= Patrick van Kerckhoven =

Dutch DJ and producer

Patrick van Kerckhoven (born 1970, alias DJ Ruffneck) is a darkcore or gabber DJ and producer, originating from Alblasserdam, Netherlands. An active DJ since 1985, Kerckhoven has also been involved with various record labels. In 1989, he and Jayant Edoo formed 80 Aum Records. When that closed in 1991, he went on to form Ruffneck Records and its imprints Ruffex and Ruff Intelligenze.
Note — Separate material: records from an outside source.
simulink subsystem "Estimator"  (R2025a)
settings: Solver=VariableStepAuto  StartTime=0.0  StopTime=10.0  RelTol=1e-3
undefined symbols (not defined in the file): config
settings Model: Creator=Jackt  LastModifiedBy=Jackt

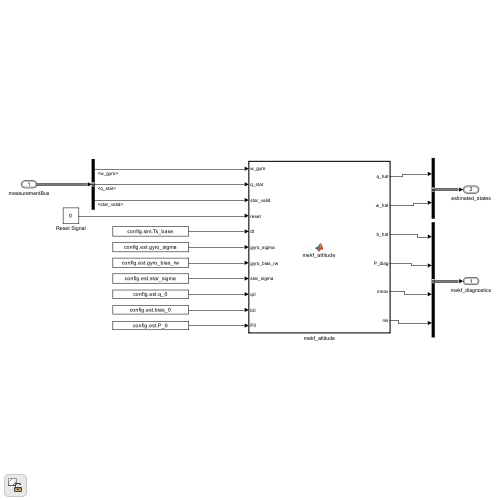
[thumbnail: Simulink's stored preview of the top-level diagram]
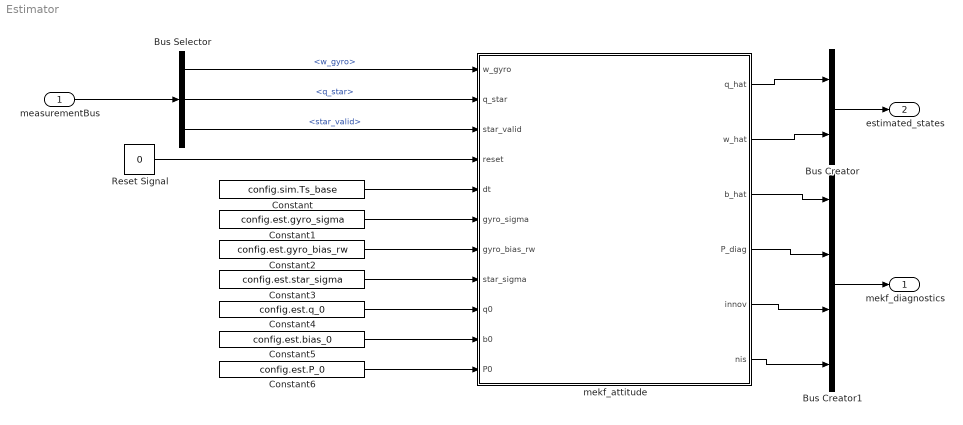
== system Estimator ==
  measurementBus : Inport  OutDataTypeStr=Bus: measurementBus
  Bus Creator : BusCreator  Inputs=2
  Bus Creator1 : BusCreator  Inputs=4
  Bus Selector : BusSelector  OutputSignals=w_gyro,q_star,star_valid
  Constant : Constant  Value=config.sim.Ts_base  VectorParams1D=off
  Constant1 : Constant  Value=config.est.gyro_sigma  VectorParams1D=off
  Constant2 : Constant  Value=config.est.gyro_bias_rw  VectorParams1D=off
  Constant3 : Constant  Value=config.est.star_sigma  VectorParams1D=off
  Constant4 : Constant  Value=config.est.q_0  VectorParams1D=off
  Constant5 : Constant  Value=config.est.bias_0  VectorParams1D=off
  Constant6 : Constant  Value=config.est.P_0  VectorParams1D=off
  Reset Signal : Constant  Value=0
  mekf_attitude : MATLAB Function  TreatAsAtomicUnit=on
  mekf_diagnostics : Outport  OutDataTypeStr=Bus: mekf_diagnostics
  estimated_states : Outport  Port=2  OutDataTypeStr=Bus: estimatedStateBus
  wires:
  mekf_attitude/1(q_hat) -> Bus Creator/1
  mekf_attitude/2(w_hat) -> Bus Creator/2
  mekf_attitude/3(b_hat) -> Bus Creator1/1
  mekf_attitude/4(P_diag) -> Bus Creator1/2
  mekf_attitude/5(innov) -> Bus Creator1/3
  mekf_attitude/6(nis) -> Bus Creator1/4
  Bus Creator1/1 -> mekf_diagnostics/1
  Bus Creator/1 -> estimated_states/1
  Constant6/1 -> mekf_attitude/11(P0)
  Constant5/1 -> mekf_attitude/10(b0)
  Constant4/1 -> mekf_attitude/9(q0)
  Constant3/1 -> mekf_attitude/8(star_sigma)
  Constant2/1 -> mekf_attitude/7(gyro_bias_rw)
  Constant1/1 -> mekf_attitude/6(gyro_sigma)
  Constant/1 -> mekf_attitude/5(dt)
  Reset Signal/1 -> mekf_attitude/4(reset)
  Bus Selector/3 -> mekf_attitude/3(star_valid)  "<star_valid>"
  Bus Selector/2 -> mekf_attitude/2(q_star)  "<q_star>"
  Bus Selector/1 -> mekf_attitude/1(w_gyro)  "<w_gyro>"
  measurementBus/1 -> Bus Selector/1

== matlab function Estimator/mekf_attitude ==
  data: q_hat output; w_hat output; b_hat output; P_diag output; innov output; nis output; w_gyro input; q_star input; star_valid input; reset input; dt input; gyro_sigma input; gyro_bias_rw input; star_sigma input; q0 input; b0 input; P0 input
function [q_hat, w_hat, b_hat, P_diag, innov, nis] = mekf_attitude(w_gyro, q_star, star_valid, reset, dt, gyro_sigma, gyro_bias_rw, star_sigma, q0, b0, P0)
%MEKF_ATTITUDE Multiplicative EKF for attitude (quaternion) and gyro bias (error-state form).
%State (error-state, reset each step): x = [alpha; beta_omega] where
%  alpha      = small-angle attitude error (3x1, rad)
%  beta_omega = gyro bias error (3x1, rad/s)

%Force input shapes
w_gyro = reshape(w_gyro, [3 1]);                 % w_gyro_k      measured body rate (rad/s)
q_star = reshape(q_star, [4 1]);                 % q_star_k      measured attitude (scalar-first), if valid

%Initialize persistent filter states
persistent q_hat_km1 b_omega_hat_km1 P_km1 q_prev is_init
if isempty(is_init) || reset
    q_hat_km1      =  q0(1:4);            % q_hat_{0|0}   nominal attitude estimate (unit quaternion)
    b_omega_hat_km1 = b0(1:3);           % b_omega_{0|0} gyro bias estimate (rad/s)
    P_km1          =  P0(1:6, 1:6);            % P_{0|0} covariance of [alpha; beta_omega]
    q_prev         =  q_hat_km1;     % q_prev        sign-continuity reference
    is_init        =  true;          % is_init       initialization flag
end

%Initialize measurement outputs (reported each call)
innov = zeros(3,1);                              % innov_k       3x1 innovation in rotvec space (rad)
nis   = 0;                                       % nis_k         normalized innovation squared

%Interpret star_valid as "a usable star tracker measurement is available this step"
sv = (star_valid ~= 0);                          % sv_k          0/1 measurement availability

%Build noise covariances
R_k = (star_sigma^2) * eye(3);                   % R_k           star tracker noise in rotvec space (rad^2)
Q_k = 1 * diag([ (gyro_sigma^2)*dt * ones(1,3), ...   % Q_k           discrete process noise for [alpha; beta_omega]
             (gyro_bias_rw^2)*dt * ones(1,3) ]);

%1) Update the orientation estimate with the measured angular velocity (q_{k|k-1})
w_hat_k = w_gyro - b_omega_hat_km1;              % w_hat_k       bias-corrected body rate estimate (rad/s)

dq_prop = rotvec_to_quat(0.5*w_hat_k*dt);        % dq_prop       delta quaternion from gyro integration
q_hat_km1 = quatmultiply_sf(q_hat_km1, dq_prop); % q_hat_{k|k-1} nominal quaternion propagation
q_hat_km1 = q_hat_km1 / max(norm(q_hat_km1), 1e-12); % q_hat_{k|k-1} normalize

%Enforce quaternion sign continuity (prevents sign flips across time)
if dot(q_hat_km1, q_prev) < 0
    q_hat_km1 = -q_hat_km1;                      % q_hat_{k|k-1} sign-aligned
end
q_prev = q_hat_km1;                              % q_prev        update reference

%2) Update the process model (Phi_k = I + F*dt for xdot = F x)
Omega_x = skew(w_hat_k);                         % [w_hat_k x]   skew matrix
F_c = [ -Omega_x, -eye(3);                       % F_c           continuous-time error dynamics for [alpha; beta_omega]
        zeros(3),  zeros(3) ];

Phi_k = eye(6) + F_c*dt;                         % Phi_k         discrete state transition (1st-order)

%3) Update the a priori estimate covariance (P_{k|k-1} = Phi*P*Phi' + Q)
P_km1 = Phi_k * P_km1 * Phi_k.' + Q_k;           % P_{k|k-1}     propagate covariance
P_km1 = 0.5*(P_km1 + P_km1.');                   % P symmetry    enforce symmetric covariance

%If no star tracker measurement, stop here: MEKF still outputs q_hat and w_hat each step (gyro-only propagation)
if sv && all(isfinite(q_star)) && (norm(q_star) > 1e-12)

    %Normalize q_star only if used
    q_star = q_star / max(norm(q_star), 1e-12);  % q_star_k      normalize measurement

    %Align measurement sign with estimate (same physical rotation, consistent sign)
    if dot(q_star, q_hat_km1) < 0
        q_star = -q_star;                        % q_star_k      sign-aligned to estimate
    end

    %4) Measurement innovation (y_k) in rotvec space using q_e = inv(q_hat_{k|k-1}) ⊗ q_star
    q_hat_inv = [q_hat_km1(1); -q_hat_km1(2:4)]; % inv(q_hat)    quaternion inverse for unit quaternion
    q_e = quatmultiply_sf(q_hat_inv, q_star);    % q_e           right-invariant error quaternion
    q_e = q_e / max(norm(q_e), 1e-12);           % q_e           normalize

    if q_e(1) < 0
        q_e = -q_e;                              % q_e           shortest-rotation convention
    end

    y_k = quat_log_sf(q_e);                      % y_k           innovation (approx alpha + noise), rad
    innov = y_k;                                 % innov_k       output innovation

    %5) Kalman gain (K_k = P H' (H P H' + R)^{-1})
    H_k = [eye(3), zeros(3)];                    % H_k           measurement Jacobian for attitude-only observation
    S_k = H_k * P_km1 * H_k.' + R_k;             % S_k           innovation covariance
    K_k = (P_km1 * H_k.') / S_k;                 % K_k           Kalman gain

    %6) Update the a posteriori state estimate and covariance
    x_k = K_k * y_k;                             % x_{k|k}       estimated error-state correction [alpha; beta_omega]
    alpha_hat_k = x_k(1:3);                      % alpha_hat_k   attitude error correction (rad)
    db_omega_k  = x_k(4:6);                      % db_omega_k    gyro bias correction (rad/s)

    I6 = eye(6);                                 % I6            identity
    P_km1 = (I6 - K_k*H_k) * P_km1 * (I6 - K_k*H_k).' + K_k*R_k*K_k.'; % Joseph form
    P_km1 = 0.5*(P_km1 + P_km1.');               % P symmetry    enforce symmetric covariance

    %7) Update the a posteriori orientation estimate (q_{k|k} = q_{k|k-1} ⊗ delta_q(alpha))
    b_omega_hat_km1 = b_omega_hat_km1 + db_omega_k; % b_omega_{k|k} bias injection

    dq_inj = rotvec_to_quat(0.5*alpha_hat_k);    % delta_q       error quaternion from small-angle correction
    q_hat_km1 = quatmultiply_sf(q_hat_km1, dq_inj); % q_hat_{k|k}  apply correction
    q_hat_km1 = q_hat_km1 / max(norm(q_hat_km1), 1e-12); % q_hat_{k|k} normalize

    %Enforce quaternion sign continuity after update
    if dot(q_hat_km1, q_prev) < 0
        q_hat_km1 = -q_hat_km1;                  % q_hat_{k|k}   sign-aligned
    end
    q_prev = q_hat_km1;                          % q_prev        update reference

    %Compute normalized innovation squared
    nis = y_k.' * (S_k \ y_k);                   % nis_k         y' S^{-1} y
end

%Package estimator outputs (always produced, even with gyro-only propagation)
q_hat  = q_hat_km1;                              % q_hat         nominal attitude estimate (unit quaternion)
b_hat  = b_omega_hat_km1;                        % b_hat         gyro bias estimate (rad/s)
w_hat  = w_gyro - b_omega_hat_km1;               % w_hat         bias-corrected body rate estimate (rad/s)
P_diag = diag(P_km1);                            % P_diag        diagonal of covariance (6x1)

%Format for Simulink Processing
q_hat =  reshape(q_hat, [4 1]);
b_hat =  reshape(b_hat, [3 1]);
w_hat =  reshape(w_hat, [3 1]);
P_diag = reshape(P_diag, [6 1]);
innov =  reshape(innov, [3 1]);
nis =    double(nis(1));

end

function S = skew(w)
%SKEW Returns the skew-symmetric matrix such that skew(w)*v = w x v.
S = [   0   -w(3)  w(2);
      w(3)    0   -w(1);
     -w(2)  w(1)    0  ];
end

function q = rotvec_to_quat(v)
%ROTVEC_TO_QUAT Converts a half-angle rotation vector v = (theta/2) * u to a unit quaternion.
theta = norm(v);                                 % theta         half-angle magnitude (rad)
if theta < 1e-12
    q = [1; 0; 0; 0];                             % q            identity quaternion
else
    u = v/theta;                                  % u            rotation axis
    q = [cos(theta); u*sin(theta)];               % q            scalar-first quaternion
end
end

function r = quat_log_sf(q)
%QUAT_LOG_SF Log-map from unit quaternion (scalar-first) to rotation vector (full angle).
q = q / max(norm(q), 1e-12);                      % q            normalize
if q(1) < 0
    q = -q;                                       % q            shortest rotation
end
w = max(-1, min(1, q(1)));                        % w            clamp scalar
v = q(2:4);                                       % v            vector part
nv = norm(v);                                     % nv           vector norm
if nv < 1e-8
    r = 2*v;                                      % r            small-angle limit (rad)
else
    ang = 2*atan2(nv, w);                         % ang          full rotation angle (rad)
    r = (ang/nv) * v;                             % r            rotation vector (rad)
end
end

function q = quatmultiply_sf(a, b)
%QUATMULTIPLY_SF Hamilton quaternion multiply (scalar-first): q = a ⊗ b.
w1 = a(1); x1 = a(2); y1 = a(3); z1 = a(4);       % a components
w2 = b(1); x2 = b(2); y2 = b(3); z2 = b(4);       % b components
q = [ w1*w2 - x1*x2 - y1*y2 - z1*z2;
      w1*x2 + x1*w2 + y1*z2 - z1*y2;
      w1*y2 - x1*z2 + y1*w2 + z1*x2;
      w1*z2 + x1*y2 - y1*x2 + z1*w2 ];
end
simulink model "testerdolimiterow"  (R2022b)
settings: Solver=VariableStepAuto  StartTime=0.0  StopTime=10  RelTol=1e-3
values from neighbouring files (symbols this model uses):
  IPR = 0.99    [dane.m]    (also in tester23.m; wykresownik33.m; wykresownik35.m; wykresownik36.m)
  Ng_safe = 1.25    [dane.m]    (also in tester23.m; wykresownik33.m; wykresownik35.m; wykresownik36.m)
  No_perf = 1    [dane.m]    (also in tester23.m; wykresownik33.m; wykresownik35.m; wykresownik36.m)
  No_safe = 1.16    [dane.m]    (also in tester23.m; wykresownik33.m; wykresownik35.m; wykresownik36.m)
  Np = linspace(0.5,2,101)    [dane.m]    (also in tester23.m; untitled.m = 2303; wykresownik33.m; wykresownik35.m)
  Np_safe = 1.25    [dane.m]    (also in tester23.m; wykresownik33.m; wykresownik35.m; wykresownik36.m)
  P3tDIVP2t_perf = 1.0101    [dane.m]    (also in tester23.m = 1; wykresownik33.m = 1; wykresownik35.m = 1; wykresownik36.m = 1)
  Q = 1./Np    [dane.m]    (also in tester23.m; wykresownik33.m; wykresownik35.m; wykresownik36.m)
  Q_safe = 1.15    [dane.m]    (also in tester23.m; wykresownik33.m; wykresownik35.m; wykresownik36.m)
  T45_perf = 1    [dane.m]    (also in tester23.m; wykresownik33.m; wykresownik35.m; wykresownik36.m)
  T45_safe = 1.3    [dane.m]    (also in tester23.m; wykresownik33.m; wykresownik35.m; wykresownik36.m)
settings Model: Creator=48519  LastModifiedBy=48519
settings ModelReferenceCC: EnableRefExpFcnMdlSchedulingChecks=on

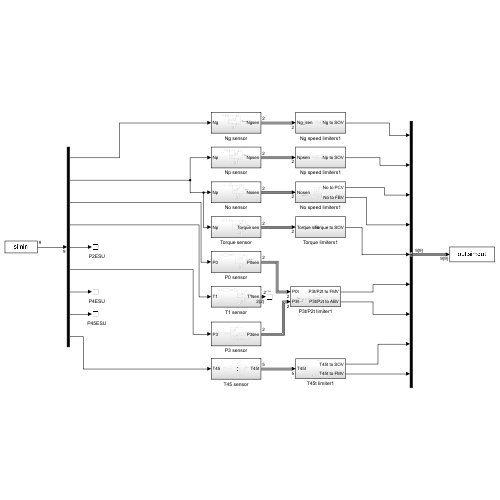
[thumbnail: Simulink's stored preview of the top-level diagram]
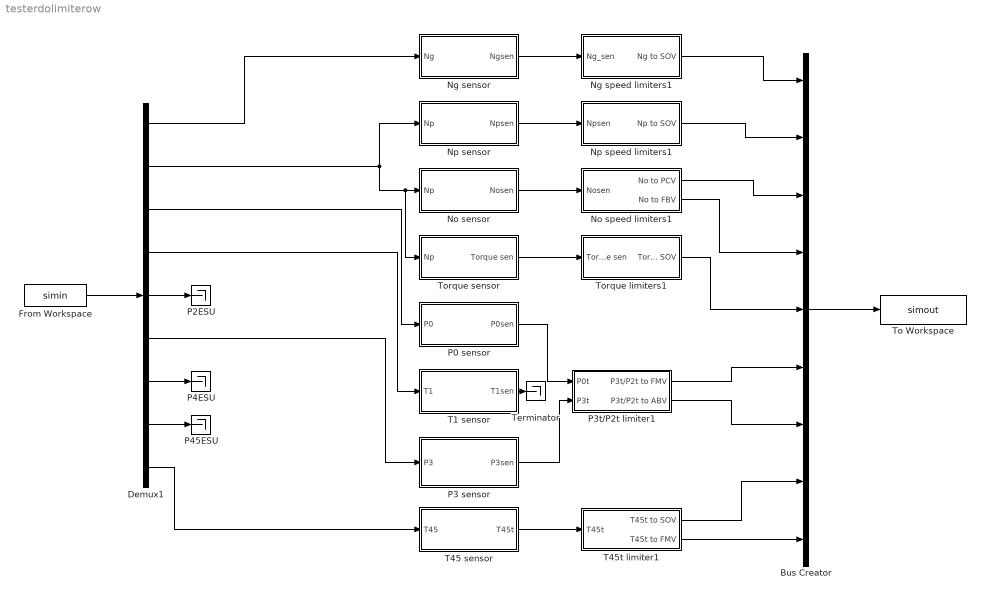
== system testerdolimiterow ==
  Bus Creator : BusCreator  Inputs=9
  Demux1 : Demux  Outputs=9
  From Workspace : FromWorkspace  VariableName=simin
  Ng sensor : Subsystem
  Ng speed limiters1 : Subsystem
  No sensor : Subsystem
  No speed limiters1 : Subsystem
  Np sensor : Subsystem
  Np speed limiters1 : Subsystem
  P0 sensor : Subsystem
  P2ESU : Terminator
  P3 sensor : Subsystem
  P3t/P2t limiter1 : Subsystem
  P45ESU : Terminator
  P4ESU : Terminator
  T1 sensor : Subsystem
  T45 sensor : Subsystem
  T45t limiter1 : Subsystem
  Terminator : Terminator
  To Workspace : ToWorkspace  VariableName=simout  SaveFormat=Timeseries  SampleTime=-1
  Torque limiters1 : Subsystem
  Torque sensor : Subsystem
  wires:
  Torque sensor/1(Torque sen) -> Torque limiters1/1(Torque sen)
  Ng sensor/1(Ngsen) -> Ng speed limiters1/1(Ng_sen)
  Demux1/2 -> Np sensor/1(Np), Torque sensor/1(Np), No sensor/1(Np)
  Demux1/1 -> Ng sensor/1(Ng)
  P3 sensor/1(P3sen) -> P3t/P2t limiter1/2(P3t)
  No sensor/1(Nosen) -> No speed limiters1/1(Nosen)
  P0 sensor/1(P0sen) -> P3t/P2t limiter1/1(P0t)
  From Workspace/1 -> Demux1/1
  Demux1/8 -> P45ESU/1
  Demux1/3 -> P0 sensor/1(P0)
  Demux1/6 -> P3 sensor/1(P3)
  Demux1/7 -> P4ESU/1
  Demux1/4 -> T1 sensor/1(T1)
  Demux1/5 -> P2ESU/1
  Demux1/9 -> T45 sensor/1(T45)
  Np sensor/1(Npsen) -> Np speed limiters1/1(Npsen)
  T45 sensor/1(T45t) -> T45t limiter1/1(T45t)
  T1 sensor/1(T1sen) -> Terminator/1
  P3t/P2t limiter1/2(P3t/P2t to ABV) -> Bus Creator/7
  Ng speed limiters1/1(Ng to SOV) -> Bus Creator/1
  T45t limiter1/1(T45t to SOV) -> Bus Creator/8
  Np speed limiters1/1(Np to SOV) -> Bus Creator/2
  No speed limiters1/1(No to PCV) -> Bus Creator/3
  Bus Creator/1 -> To Workspace/1
  No speed limiters1/2(No to FBV) -> Bus Creator/4
  P3t/P2t limiter1/1(P3t/P2t to FMV) -> Bus Creator/6
  T45t limiter1/2(T45t to FMV) -> Bus Creator/9
  Torque limiters1/1(Torque to SOV) -> Bus Creator/5

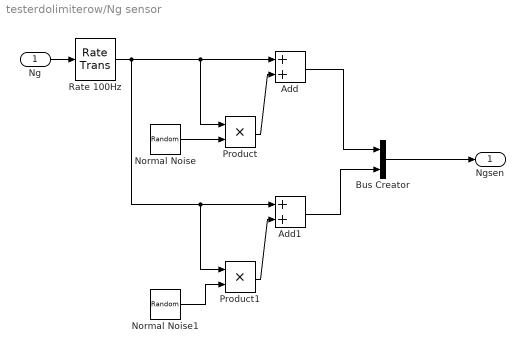
== system testerdolimiterow/Ng sensor ==
  Ng : Inport
  Add : Sum
  Add1 : Sum
  Bus Creator : BusCreator  Inputs=2
  Normal Noise : RandomNumber  Variance=((0.017)^2)*pi/2  Seed=10  SampleTime=0.01
  Normal Noise1 : RandomNumber  Variance=((0.017)^2)*pi/2  Seed=11  SampleTime=0.01
  Product : Product
  Product1 : Product
  Rate 100Hz : RateTransition  OutPortSampleTimeMultiple=2  OutPortSampleTime=0.01
  Ngsen : Outport
  wires:
  Product/1 -> Add/2
  Product1/1 -> Add1/2
  Normal Noise1/1 -> Product1/2
  Rate 100Hz/1 -> Add/1, Product/1, Add1/1, Product1/1
  Ng/1 -> Rate 100Hz/1
  Add1/1 -> Bus Creator/2
  Add/1 -> Bus Creator/1
  Bus Creator/1 -> Ngsen/1
  Normal Noise/1 -> Product/2

== system testerdolimiterow/Ng speed limiters1 ==
  Ng_sen : Inport
  Add : Sum
  Constant : Constant  Value=-1
  Constant1 : Constant
  Demux : Demux  Outputs=2
  Gain : Gain  Gain=0.5
  Safe switch : Subsystem
  Switch : Switch  Criteria=u2 > Threshold  Threshold=Ng_safe  SaturateOnIntegerOverflow=off  InputSameDT=off
  Ng to SOV : Outport
  wires:
  Constant/1 -> Switch/3
  Constant1/1 -> Switch/1
  Ng_sen/1 -> Demux/1
  Demux/1 -> Add/1
  Demux/2 -> Add/2
  Gain/1 -> Switch/2
  Add/1 -> Gain/1
  Switch/1 -> Safe switch/1(In1)
  Safe switch/1(Out1) -> Ng to SOV/1

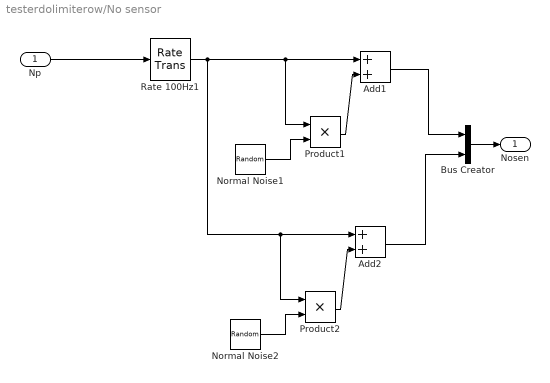
== system testerdolimiterow/No sensor ==
  Np : Inport
  Add1 : Sum
  Add2 : Sum
  Bus Creator : BusCreator  Inputs=2
  Normal Noise1 : RandomNumber  Variance=((0.017)^2)*pi/2  Seed=16  SampleTime=0.01
  Normal Noise2 : RandomNumber  Variance=((0.017)^2)*pi/2  Seed=18  SampleTime=0.01
  Product1 : Product
  Product2 : Product
  Rate 100Hz1 : RateTransition  OutPortSampleTimeMultiple=2  OutPortSampleTime=0.01
  Nosen : Outport
  wires:
  Np/1 -> Rate 100Hz1/1
  Normal Noise2/1 -> Product2/2
  Rate 100Hz1/1 -> Add2/1, Product2/1, Add1/1, Product1/1
  Add2/1 -> Bus Creator/2
  Add1/1 -> Bus Creator/1
  Bus Creator/1 -> Nosen/1
  Normal Noise1/1 -> Product1/2
  Product1/1 -> Add1/2
  Product2/1 -> Add2/2

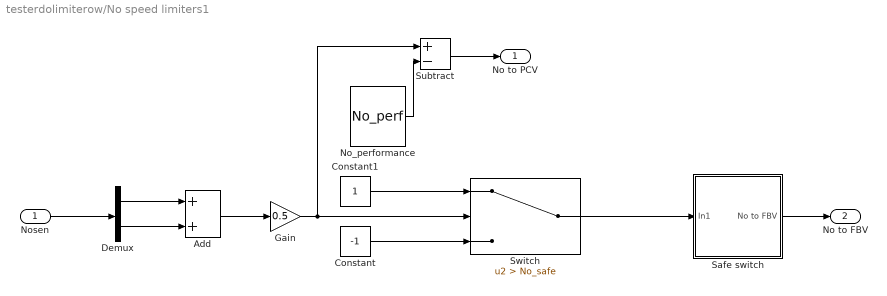
== system testerdolimiterow/No speed limiters1 ==
  Nosen : Inport
  Add : Sum
  Constant : Constant  Value=-1
  Constant1 : Constant
  Demux : Demux  Outputs=2
  Gain : Gain  Gain=0.5
  No_performance : Constant  Value=No_perf
  Safe switch : Subsystem
  Subtract : Sum  Inputs=+-
  Switch : Switch  Criteria=u2 > Threshold  Threshold=No_safe  SaturateOnIntegerOverflow=off  InputSameDT=off
  No to PCV : Outport
  No to FBV : Outport  Port=2
  wires:
  Add/1 -> Gain/1
  Nosen/1 -> Demux/1
  Demux/1 -> Add/1
  Demux/2 -> Add/2
  Constant/1 -> Switch/3
  Constant1/1 -> Switch/1
  Gain/1 -> Subtract/1, Switch/2
  No_performance/1 -> Subtract/2
  Subtract/1 -> No to PCV/1
  Switch/1 -> Safe switch/1(In1)
  Safe switch/1(No to FBV) -> No to FBV/1

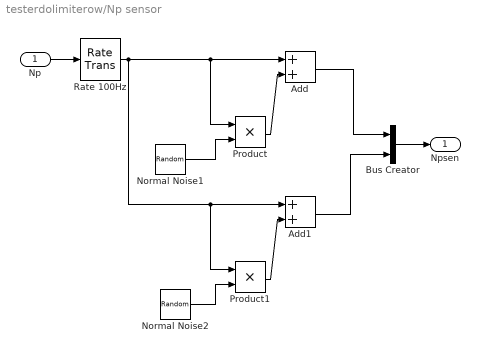
== system testerdolimiterow/Np sensor ==
  Np : Inport
  Add : Sum
  Add1 : Sum
  Bus Creator : BusCreator  Inputs=2
  Normal Noise1 : RandomNumber  Variance=((0.017)^2)*pi/2  Seed=13  SampleTime=0.01
  Normal Noise2 : RandomNumber  Variance=((0.017)^2)*pi/2  Seed=14  SampleTime=0.01
  Product : Product
  Product1 : Product
  Rate 100Hz : RateTransition  OutPortSampleTimeMultiple=2  OutPortSampleTime=0.01
  Npsen : Outport
  wires:
  Normal Noise1/1 -> Product/2
  Product/1 -> Add/2
  Np/1 -> Rate 100Hz/1
  Normal Noise2/1 -> Product1/2
  Product1/1 -> Add1/2
  Rate 100Hz/1 -> Add/1, Product/1, Add1/1, Product1/1
  Add1/1 -> Bus Creator/2
  Add/1 -> Bus Creator/1
  Bus Creator/1 -> Npsen/1

== system testerdolimiterow/Np speed limiters1 ==
  Npsen : Inport
  Add : Sum
  Constant : Constant  Value=-1
  Constant1 : Constant
  Demux : Demux  Outputs=2
  Gain : Gain  Gain=0.5
  Safe switch : Subsystem
  Switch : Switch  Criteria=u2 > Threshold  Threshold=Np_safe  SaturateOnIntegerOverflow=off  InputSameDT=off
  Np to SOV : Outport
  wires:
  Switch/1 -> Safe switch/1(In1)
  Constant1/1 -> Switch/1
  Constant/1 -> Switch/3
  Gain/1 -> Switch/2
  Demux/2 -> Add/2
  Npsen/1 -> Demux/1
  Add/1 -> Gain/1
  Demux/1 -> Add/1
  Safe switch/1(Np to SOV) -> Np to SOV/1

After a disagreement with parent label XSV Music, Kerckhoven formed Gangsta Audiovisuals and its imprint Supreme Intelligence, then in 2001, Kerckhoven also closed these and moved all artists to Enzyme Records. Enzyme has three imprints: Enzyme K7, Enzyme VIP and Enzyme X. JUGGERNAUT, another pseudonym of van Kerckhoven during his Ruffneck years, has released a single, "Ruffneck rules da artcore scene!!!", borrowing the melody of In the Hall of the Mountain King, which reached eight in the Dutch top 40 in 1997 ("Dutch Top 40 archive").

His latest imprint is called Tainted Audio and was formed to fulfill his desire to keep on experimenting with drum and bass influenced underground hardcore music.